10 風早の若者達よ、物部の血筋を誇りに

井上宮司

このときにはちゃんと祝詞が、こういうふうに言いなさいというのが決まっているんです。先ほど申しましたように、阿佐利命が国造になって風早の地に参りまして、自ら国造神主となり、神を斎(いつきまつ)らんというふうに言っている。それからだんだんときて現代のようになった。ですから皆さんはやっぱり、どこまでいっても物部氏の血が流れているんです。北条の人には物部氏の血が流れている。物部氏の祖神を祀っているでしょ。

そして、物部阿佐利は自ら国造神主となり、斎(いつきまつ)らんと。皆さんに物部氏の血が流れているのと同時に、私の身体には国造神主として阿佐利から受け継がれた血が流れている。皆さんには物部の血が流れ、私の身体の中には国造神主の血が流れておる。これを語り継ぎ言い継ぎ、また語り継ぎ言い継ぎて、ずっと行くわけです。

ここで「斎(いつきまつ)る」というお話をしましたが、「斎る」ということは丁寧に神様をお祀りをするということ。もう一つ、これは「拝」とも言います。もう一つは、これを「いつきまつる」と読みます。これをハイと読んでイツキマツルというふうに読む方は滅多におりません。これは「古事記」に1カ所だけ出てきます。あとは出てない。

皆さんは人から「だれだれ君」と呼ばれたら「ハイ」と答えます。今頃の子どもさんを呼びますと、「ハイ」という返事は戻ってきません。「ハイ」とはなんだろうかということです。

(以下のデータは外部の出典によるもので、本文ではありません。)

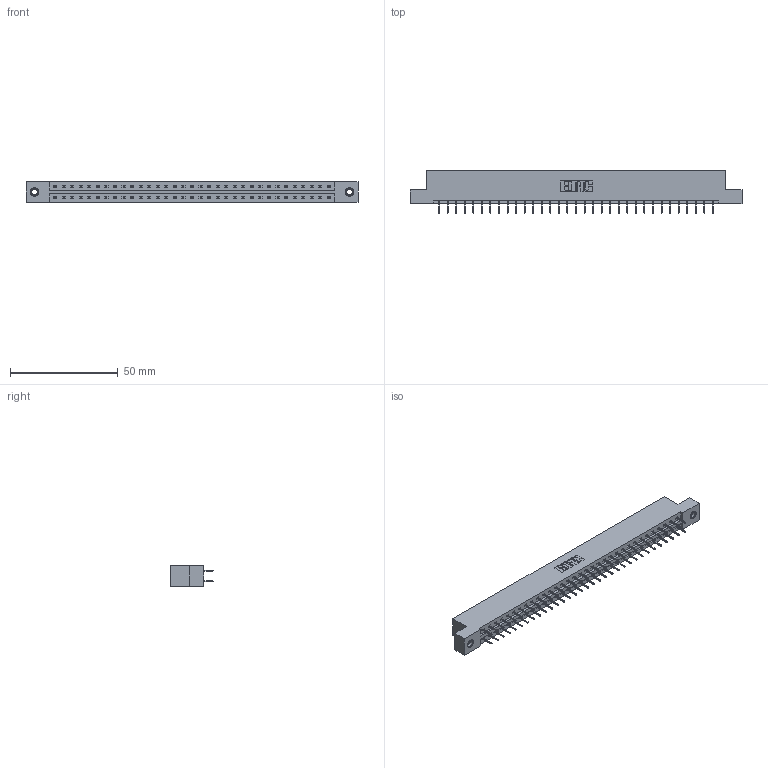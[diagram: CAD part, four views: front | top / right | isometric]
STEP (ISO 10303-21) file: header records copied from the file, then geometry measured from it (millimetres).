
FILE_DESCRIPTION (( 'STEP AP203' ), '1' );
FILE_NAME ('387-066-524-207.STEP', '2019-10-19T18:25:55', ( '' ), ( '' ), 'SwSTEP 2.0', 'SolidWorks 2016', '' );
FILE_SCHEMA (( 'CONFIG_CONTROL_DESIGN' ));
Length unit declared in the file: inch
Products named in the file (4): 345-250-001_345-250-005-103; 345-292-001_345-293-124; 337 Part_Flush Mounting Lugs - 0.156 Dia-TI; 387-066-524-207
Assembly tree (69 placements, depth 2):
  387-066-524-207
    337 Part_Flush Mounting Lugs - 0.156 Dia-TI
    345-292-001_345-293-124  x66
    345-250-001_345-250-005-103  x2
Bounding box: 153.77 x 19.69 x 9.4 mm (x, y, z)
Volume: 15972.5 mm3; surface area: 17696.1 mm2
Topology: 69 solids, 69 shells, 4002 faces, 11337 edges, 7286 vertices
Faces by surface type: plane 3006, cylinder 980, cone 12, torus 4
Entity records: 28010 total; most frequent: CARTESIAN_POINT 4705, ORIENTED_EDGE 4634, DIRECTION 4051, EDGE_CURVE 2317, LINE 2173, VECTOR 2173, VERTEX_POINT 1536, AXIS2_PLACEMENT_3D 939

「ハイ」とはこれであります。神様を拝むとき、手を叩いて拝みます。そのとき、「今晩の飯のおかずはなんじゃろうか?」と思って拝む人はおりましょうか。拝まんでしょ。「あそこに綺麗なおなごがおったが、どうやって口説いたらいいだろう」なんて思わんでしょ。全然考えんでしょ。たいていの人は、手を叩いて御殿を見て、「どうか神様」と。目を開けて拝む人もおりますが(笑)、たいてい10人のうち8、9人は目をつむって拝みます。拝む心は、神様に頼む心は素直な心です。曲がった心じゃないでしょ。「ハイ」とは素直な心の表れなんです。私はそうじゃないかと思いますが、皆さんいかがでしょうか。

司会(塾長)

毎日の生活にもいろんなことが入っているんですね。たしかに、なんで「ハイ」というのかを考えてみたこともなかったですね。

井上宮司

まあ、神様なんていうのは、別によそにおるわけでもないし、生活の中にあるわけです。自然の中にあるわけです。われわれは自然の中に包まれて、自然のものを食べて、そして水があり火があり太陽があり空気があります。お魚もお肉もみんな自然の中を通ってくる。自然の中に自分が生きているのではなく、生かされているんですから。その自然の中に全部神様が宿っているわけです。風だって雨だってそうでしょ。それが日本人の神に対する敬虔な気持ちというか。